### WHAT YOU SHOULD DO
Lines with the word "VECTOR" are the ones wanted. Copy each of them from the entries below.

START EXCERPTED DATA

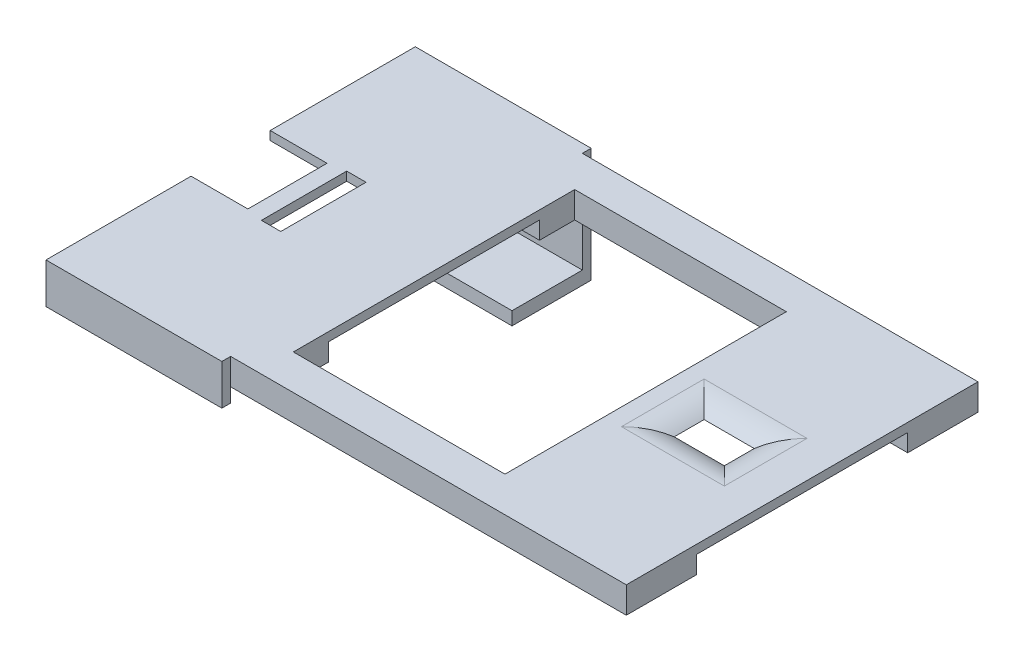
ISO-10303-21;
HEADER;
FILE_DESCRIPTION(('STEP AP214'),'2;1');
FILE_NAME('part.step','',(''),(''),'','','');
FILE_SCHEMA(('AUTOMOTIVE_DESIGN { 1 0 10303 214 1 1 1 1 }'));
ENDSEC;
DATA;
#1=APPLICATION_CONTEXT('core data for automotive mechanical design processes');
#2=APPLICATION_PROTOCOL_DEFINITION('international standard','automotive_design',2000,#1);
#3=PRODUCT_CONTEXT('',#1,'mechanical');
#4=PRODUCT('Part','Part','',(#3));
#5=PRODUCT_RELATED_PRODUCT_CATEGORY('part','',(#4));
#6=PRODUCT_DEFINITION_FORMATION('','',#4);
#7=PRODUCT_DEFINITION_CONTEXT('part definition',#1,'design');
#8=PRODUCT_DEFINITION('design','',#6,#7);
#9=PRODUCT_DEFINITION_SHAPE('','',#8);
#10=(LENGTH_UNIT() NAMED_UNIT(*) SI_UNIT(.MILLI.,.METRE.));
#11=(NAMED_UNIT(*) PLANE_ANGLE_UNIT() SI_UNIT($,.RADIAN.));
#12=(NAMED_UNIT(*) SI_UNIT($,.STERADIAN.) SOLID_ANGLE_UNIT());
#13=UNCERTAINTY_MEASURE_WITH_UNIT(LENGTH_MEASURE(1.E-05),#10,'distance_accuracy_value','');
#14=(GEOMETRIC_REPRESENTATION_CONTEXT(3) GLOBAL_UNCERTAINTY_ASSIGNED_CONTEXT((#13)) GLOBAL_UNIT_ASSIGNED_CONTEXT((#10,
#11,#12)) REPRESENTATION_CONTEXT('',''));
#15=CARTESIAN_POINT('',(0.,0.,0.));
#16=DIRECTION('',(0.,0.,1.));
#17=DIRECTION('',(1.,0.,0.));
#18=AXIS2_PLACEMENT_3D('',#15,#16,#17);
#19=CARTESIAN_POINT('',(0.,0.,0.));
#20=DIRECTION('',(0.,1.,0.));
#21=DIRECTION('',(0.,0.,1.));
#22=AXIS2_PLACEMENT_3D('',#19,#20,#21);
#23=PLANE('',#22);
#24=DIRECTION('',(1.,0.,0.));
#25=VECTOR('',#24,1.);
#26=CARTESIAN_POINT('',(20.,0.,0.));
#27=LINE('',#26,#25);
#28=CARTESIAN_POINT('',(0.,0.,0.));
#29=VERTEX_POINT('',#28);
#30=CARTESIAN_POINT('',(20.,0.,0.));
#31=VERTEX_POINT('',#30);
#32=EDGE_CURVE('E305',#29,#31,#27,.T.);
#33=ORIENTED_EDGE('',*,*,#32,.F.);
#34=DIRECTION('',(0.,0.,-1.));
#35=VECTOR('',#34,1.);
#36=CARTESIAN_POINT('',(0.,0.,0.));
#37=LINE('',#36,#35);
#38=CARTESIAN_POINT('',(0.,0.,-7.99999999999975));
#39=VERTEX_POINT('',#38);
#40=EDGE_CURVE('E492',#29,#39,#37,.T.);
#41=ORIENTED_EDGE('',*,*,#40,.T.);
#42=DIRECTION('',(1.,0.,0.));
#43=VECTOR('',#42,1.);
#44=CARTESIAN_POINT('',(0.,0.,-7.99999999999975));
#45=LINE('',#44,#43);
#46=CARTESIAN_POINT('',(23.13,0.,-7.99999999999975));
#47=VERTEX_POINT('',#46);
#48=EDGE_CURVE('E383',#39,#47,#45,.T.);
#49=ORIENTED_EDGE('',*,*,#48,.T.);
#50=DIRECTION('',(0.,0.,1.));
#51=VECTOR('',#50,1.);
#52=CARTESIAN_POINT('',(23.13,0.,0.));
#53=LINE('',#52,#51);
#54=CARTESIAN_POINT('',(23.13,0.,-4.));
#55=VERTEX_POINT('',#54);
#56=EDGE_CURVE('E485',#47,#55,#53,.T.);
#57=ORIENTED_EDGE('',*,*,#56,.T.);
#58=DIRECTION('',(1.,0.,0.));
#59=VECTOR('',#58,1.);
#60=CARTESIAN_POINT('',(0.,0.,-4.));
#61=LINE('',#60,#59);
#62=CARTESIAN_POINT('',(47.2,0.,-4.));
#63=VERTEX_POINT('',#62);
#64=EDGE_CURVE('E482',#55,#63,#61,.T.);
#65=ORIENTED_EDGE('',*,*,#64,.T.);
#66=DIRECTION('',(0.,0.,-1.));
#67=VECTOR('',#66,1.);
#68=CARTESIAN_POINT('',(47.2,0.,0.));
#69=LINE('',#68,#67);
#70=CARTESIAN_POINT('',(47.2,0.,-7.99999999999975));
#71=VERTEX_POINT('',#70);
#72=EDGE_CURVE('E479',#63,#71,#69,.T.);
#73=ORIENTED_EDGE('',*,*,#72,.T.);
#74=DIRECTION('',(1.,0.,0.));
#75=VECTOR('',#74,1.);
#76=CARTESIAN_POINT('',(0.,0.,-7.99999999999975));
#77=LINE('',#76,#75);
#78=CARTESIAN_POINT('',(65.,0.,-7.99999999999975));
#79=VERTEX_POINT('',#78);
#80=EDGE_CURVE('E545',#71,#79,#77,.T.);
#81=ORIENTED_EDGE('',*,*,#80,.T.);
#82=DIRECTION('',(0.,0.,-1.));
#83=VECTOR('',#82,1.);
#84=CARTESIAN_POINT('',(65.,0.,0.));
#85=LINE('',#84,#83);
#86=CARTESIAN_POINT('',(65.,0.,0.));
#87=VERTEX_POINT('',#86);
#88=EDGE_CURVE('E497',#87,#79,#85,.T.);
#89=ORIENTED_EDGE('',*,*,#88,.F.);
#90=DIRECTION('',(1.,0.,0.));
#91=VECTOR('',#90,1.);
#92=CARTESIAN_POINT('',(0.,0.,0.));
#93=LINE('',#92,#91);
#94=EDGE_CURVE('E494',#31,#87,#93,.T.);
#95=ORIENTED_EDGE('',*,*,#94,.F.);
#96=EDGE_LOOP('',(#33,#41,#49,#57,#65,#73,#81,#89,#95));
#97=FACE_BOUND('',#96,.T.);
#98=ADVANCED_FACE('F37',(#97),#23,.F.);
#99=CARTESIAN_POINT('',(0.,3.,0.));
#100=DIRECTION('',(0.,0.,-1.));
#101=DIRECTION('',(-1.,0.,0.));
#102=AXIS2_PLACEMENT_3D('',#99,#100,#101);
#103=PLANE('',#102);
#104=DIRECTION('',(0.,1.,0.));
#105=VECTOR('',#104,1.);
#106=CARTESIAN_POINT('',(20.,0.,0.));
#107=LINE('',#106,#105);
#108=CARTESIAN_POINT('',(20.,3.,0.));
#109=VERTEX_POINT('',#108);
#110=EDGE_CURVE('E315',#31,#109,#107,.T.);
#111=ORIENTED_EDGE('',*,*,#110,.F.);
#112=ORIENTED_EDGE('',*,*,#94,.T.);
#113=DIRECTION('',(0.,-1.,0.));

END EXCERPTED DATA

### RESULT BELOW
#25=VECTOR('',#24,1.);
#35=VECTOR('',#34,1.);
#43=VECTOR('',#42,1.);
#51=VECTOR('',#50,1.);
#59=VECTOR('',#58,1.);
#67=VECTOR('',#66,1.);
#75=VECTOR('',#74,1.);
#83=VECTOR('',#82,1.);
#91=VECTOR('',#90,1.);
#105=VECTOR('',#104,1.);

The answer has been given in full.